[Stored items from a collection]
++++

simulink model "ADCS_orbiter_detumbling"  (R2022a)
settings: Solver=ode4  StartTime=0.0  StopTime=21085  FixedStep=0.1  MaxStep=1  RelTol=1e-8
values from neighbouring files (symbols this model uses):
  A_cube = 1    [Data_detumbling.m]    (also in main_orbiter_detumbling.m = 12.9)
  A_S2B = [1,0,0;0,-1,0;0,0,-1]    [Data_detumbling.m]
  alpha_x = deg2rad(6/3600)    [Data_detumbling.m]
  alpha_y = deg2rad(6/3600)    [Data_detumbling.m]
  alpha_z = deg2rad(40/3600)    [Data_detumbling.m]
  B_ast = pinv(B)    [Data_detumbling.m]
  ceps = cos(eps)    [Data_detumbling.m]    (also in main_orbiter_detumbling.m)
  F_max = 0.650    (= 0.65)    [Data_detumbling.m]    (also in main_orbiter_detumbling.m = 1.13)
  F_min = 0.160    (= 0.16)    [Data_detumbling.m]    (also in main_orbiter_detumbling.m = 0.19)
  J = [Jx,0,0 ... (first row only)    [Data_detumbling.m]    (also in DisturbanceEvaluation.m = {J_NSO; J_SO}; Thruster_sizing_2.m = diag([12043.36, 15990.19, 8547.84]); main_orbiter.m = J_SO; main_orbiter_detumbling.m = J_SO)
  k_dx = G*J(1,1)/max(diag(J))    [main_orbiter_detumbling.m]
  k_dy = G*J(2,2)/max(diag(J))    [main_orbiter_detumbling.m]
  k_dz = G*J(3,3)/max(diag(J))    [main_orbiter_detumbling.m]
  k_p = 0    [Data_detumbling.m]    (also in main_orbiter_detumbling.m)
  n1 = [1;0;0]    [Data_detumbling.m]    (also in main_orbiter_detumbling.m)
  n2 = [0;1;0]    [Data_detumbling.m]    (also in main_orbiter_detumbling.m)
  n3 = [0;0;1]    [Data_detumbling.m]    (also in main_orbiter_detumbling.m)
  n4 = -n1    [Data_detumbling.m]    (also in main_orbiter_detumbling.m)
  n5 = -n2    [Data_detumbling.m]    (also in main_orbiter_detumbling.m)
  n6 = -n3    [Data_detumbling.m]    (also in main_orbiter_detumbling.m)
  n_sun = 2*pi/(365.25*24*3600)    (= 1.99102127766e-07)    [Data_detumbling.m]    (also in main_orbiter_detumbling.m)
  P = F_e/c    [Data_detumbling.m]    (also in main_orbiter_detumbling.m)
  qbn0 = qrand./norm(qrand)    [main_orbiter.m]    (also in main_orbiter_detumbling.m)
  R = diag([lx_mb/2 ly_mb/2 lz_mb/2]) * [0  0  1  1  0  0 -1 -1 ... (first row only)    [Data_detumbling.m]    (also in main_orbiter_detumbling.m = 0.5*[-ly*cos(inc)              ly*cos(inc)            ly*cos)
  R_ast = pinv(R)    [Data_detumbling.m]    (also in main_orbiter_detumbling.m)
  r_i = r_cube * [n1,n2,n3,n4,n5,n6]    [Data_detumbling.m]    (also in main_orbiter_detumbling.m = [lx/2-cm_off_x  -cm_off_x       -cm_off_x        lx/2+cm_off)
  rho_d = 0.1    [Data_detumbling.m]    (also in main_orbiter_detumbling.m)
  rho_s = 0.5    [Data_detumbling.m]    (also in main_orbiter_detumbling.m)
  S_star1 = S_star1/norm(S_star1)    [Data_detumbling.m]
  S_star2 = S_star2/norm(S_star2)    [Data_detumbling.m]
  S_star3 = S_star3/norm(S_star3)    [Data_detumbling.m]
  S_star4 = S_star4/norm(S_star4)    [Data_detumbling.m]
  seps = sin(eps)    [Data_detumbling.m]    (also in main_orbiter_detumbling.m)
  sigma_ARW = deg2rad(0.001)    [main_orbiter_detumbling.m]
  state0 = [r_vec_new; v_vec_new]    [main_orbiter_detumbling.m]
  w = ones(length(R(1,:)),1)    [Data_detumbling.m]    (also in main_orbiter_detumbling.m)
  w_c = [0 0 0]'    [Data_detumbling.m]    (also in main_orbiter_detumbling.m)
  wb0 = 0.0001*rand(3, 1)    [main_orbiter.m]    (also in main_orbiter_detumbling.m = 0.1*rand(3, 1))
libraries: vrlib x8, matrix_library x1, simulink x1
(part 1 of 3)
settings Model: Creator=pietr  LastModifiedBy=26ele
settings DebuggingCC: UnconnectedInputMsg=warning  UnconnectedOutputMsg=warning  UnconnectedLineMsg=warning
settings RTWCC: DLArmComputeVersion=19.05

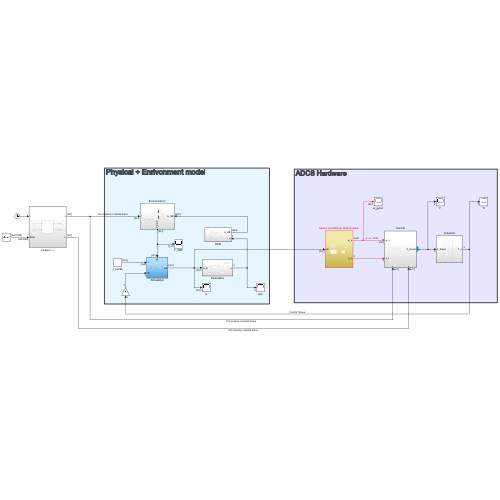
[thumbnail: Simulink's stored preview of the top-level diagram]
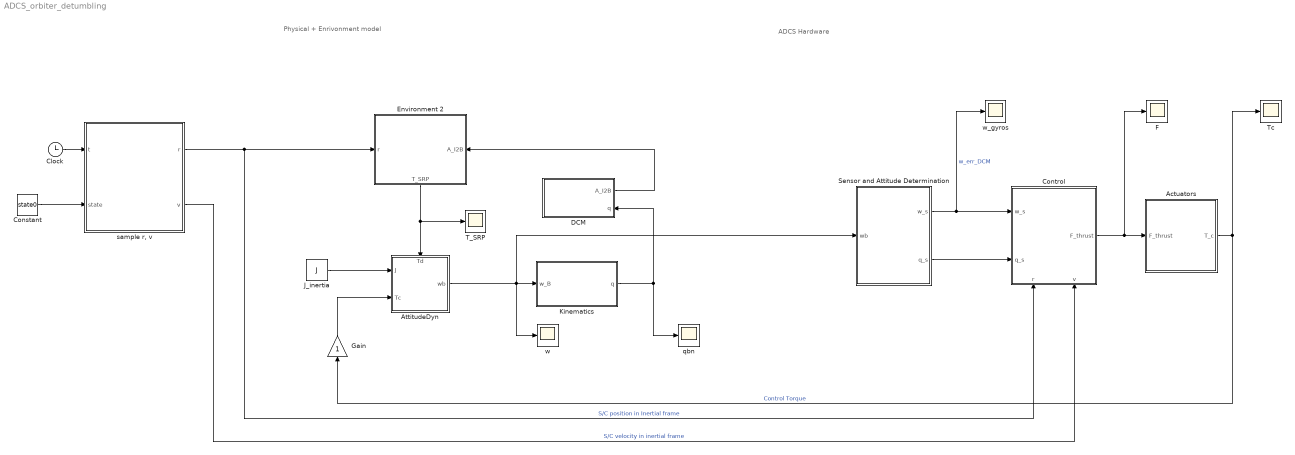
== system ADCS_orbiter_detumbling ==
  note: ADCS Hardware
  note: Physical + Enrivonment model
  Actuators : Subsystem
  AttitudeDyn : Subsystem
      settings: PortSchema="{\"entries\":[{\"content\":{\"sides\":[{\"content\":{\"connectorIds\":[\"In1\",\"In2\"]},\"type\":\"ConnectorPlacement.EquallySpacedRectSide\",\"uuid\":\"958d75f1-056c-4b4d-86fe-843bce156aeb\"},{\"content\":{\"connectorIds\":[\"Out1\"],\"side\":\"RIGHT\"},\"type\":\"ConnectorPlacement.EquallySpacedRectSide\",\"uuid\":\"65b3071b-d244-4f7f-a636-268af73b654f\"},{\"content\":{\"connectorIds\":[\"In3\"],\"side\":\"TOP\"},\"type\":\"ConnectorPlacement.EquallySpacedRectSide\",\"uuid\":\"8fd4fbc8-fd35-4e33-9d82-975bc389520f\"}]},\"type\":\"ConnectorPlacement.EquallySpacedConnector\",\"uuid\":\"8674dee0-aed3-475f-b5bf-17cea7319dbd\"}],\"packageUris\":[\"http://schema.mathworks.com/mf0/Connector/R2020b\"],\"version\":\"1.0\"}"
  Clock : Clock
  Constant : Constant  Value=state0
  Control : Subsystem
      settings: PortSchema="{\"entries\":[{\"content\":{\"sides\":[{\"content\":{\"connectorIds\":[\"In1\",\"In2\"]},\"type\":\"ConnectorPlacement.EquallySpacedRectSide\",\"uuid\":\"b61ecf6f-2766-421f-83dd-a531983edb9b\"},{\"content\":{\"connectorIds\":[\"Out1\"],\"side\":\"RIGHT\"},\"type\":\"ConnectorPlacement.EquallySpacedRectSide\",\"uuid\":\"105d38bf-fae8-4021-992b-3ab993bb750f\"},{\"content\":{\"connectorIds\":[\"In3\",\"In4\"],\"side\":\"TOP\"},\"type\":\"ConnectorPlacement.EquallySpacedRectSide\",\"uuid\":\"14e2d814-54f7-4199-8067-b878a77cfeec\"},{\"content\":{\"connectorIds\":[],\"side\":\"HIDDEN\"},\"type\":\"ConnectorPlacement.EquallySpacedRectSide\",\"uuid\":\"daf11c52-f465-40fd-b237-d971bdc47ecf\"}]},\"type\":\"ConnectorPlacement.EquallySpacedConnector\",\"uuid\":\"1c3e84f7-0d8e-475e-a711-13d0c4ce2024\"}],\"packageUris\":[\"http://schema.mathworks.com/mf0/Connector/R2020b\"],\"version\":\"1.0\"}"
  DCM : Subsystem
      settings: PortSchema="{\"entries\":[{\"content\":{\"sides\":[{\"content\":{\"connectorIds\":[]},\"type\":\"ConnectorPlacement.EquallySpacedRectSide\",\"uuid\":\"a2c03dcc-42ba-46b4-8766-9623140e285d\"},{\"content\":{\"connectorIds\":[\"Out1\",\"In1\"],\"side\":\"RIGHT\"},\"type\":\"ConnectorPlacement.EquallySpacedRectSide\",\"uuid\":\"181415b4-e06f-4a1b-bdae-77d0c2a7a22b\"},{\"content\":{\"connectorIds\":[],\"side\":\"TOP\"},\"type\":\"ConnectorPlacement.EquallySpacedRectSide\",\"uuid\":\"58a9c1ec-db17-43bd-920d-21c7ba7b5be3\"}]},\"type\":\"ConnectorPlacement.EquallySpacedConnector\",\"uuid\":\"76c9aeb0-6471-4cee-b641-2f0ff4597d57\"}],\"packageUris\":[\"http://schema.mathworks.com/mf0/Connector/R2020b\"],\"version\":\"1.0\"}"
  Environment 2 : Subsystem
      settings: PortSchema="{\"entries\":[{\"content\":{\"sides\":[{\"content\":{\"connectorIds\":[\"In1\"]},\"type\":\"ConnectorPlacement.EquallySpacedRectSide\",\"uuid\":\"bd1273ef-f007-48bf-a06f-e15d30a0e351\"},{\"content\":{\"connectorIds\":[\"In2\"],\"side\":\"RIGHT\"},\"type\":\"ConnectorPlacement.EquallySpacedRectSide\",\"uuid\":\"da98429c-d110-4330-bad5-271dcf5066c0\"},{\"content\":{\"connectorIds\":[],\"side\":\"TOP\"},\"type\":\"ConnectorPlacement.EquallySpacedRectSide\",\"uuid\":\"0aff5828-a0c0-41cd-a03e-5c9afd67cac4\"},{\"content\":{\"connectorIds\":[\"Out1\"],\"side\":\"BOTTOM\"},\"type\":\"ConnectorPlacement.EquallySpacedRectSide\",\"uuid\":\"8a284005-ec92-4f7e-b102-e371d7da8945\"}]},\"type\":\"ConnectorPlacement.EquallySpacedConnector\",\"uuid\":\"e9c1be51-430e-49aa-8c1f-f1d04716ab80\"}],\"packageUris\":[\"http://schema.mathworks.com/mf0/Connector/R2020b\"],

++++

## Requirement
An exact copy of the lines above, from the one containing "k_dx = G*J(1,1)/max(diag(J))" down to the one containing "qbn0 = qrand./norm(qrand)" and including both, is the whole answer; retype it and nothing else.

## Task answer
  k_dx = G*J(1,1)/max(diag(J))    [main_orbiter_detumbling.m]
  k_dy = G*J(2,2)/max(diag(J))    [main_orbiter_detumbling.m]
  k_dz = G*J(3,3)/max(diag(J))    [main_orbiter_detumbling.m]
  k_p = 0    [Data_detumbling.m]    (also in main_orbiter_detumbling.m)
  n1 = [1;0;0]    [Data_detumbling.m]    (also in main_orbiter_detumbling.m)
  n2 = [0;1;0]    [Data_detumbling.m]    (also in main_orbiter_detumbling.m)
  n3 = [0;0;1]    [Data_detumbling.m]    (also in main_orbiter_detumbling.m)
  n4 = -n1    [Data_detumbling.m]    (also in main_orbiter_detumbling.m)
  n5 = -n2    [Data_detumbling.m]    (also in main_orbiter_detumbling.m)
  n6 = -n3    [Data_detumbling.m]    (also in main_orbiter_detumbling.m)
  n_sun = 2*pi/(365.25*24*3600)    (= 1.99102127766e-07)    [Data_detumbling.m]    (also in main_orbiter_detumbling.m)
  P = F_e/c    [Data_detumbling.m]    (also in main_orbiter_detumbling.m)
  qbn0 = qrand./norm(qrand)    [main_orbiter.m]    (also in main_orbiter_detumbling.m)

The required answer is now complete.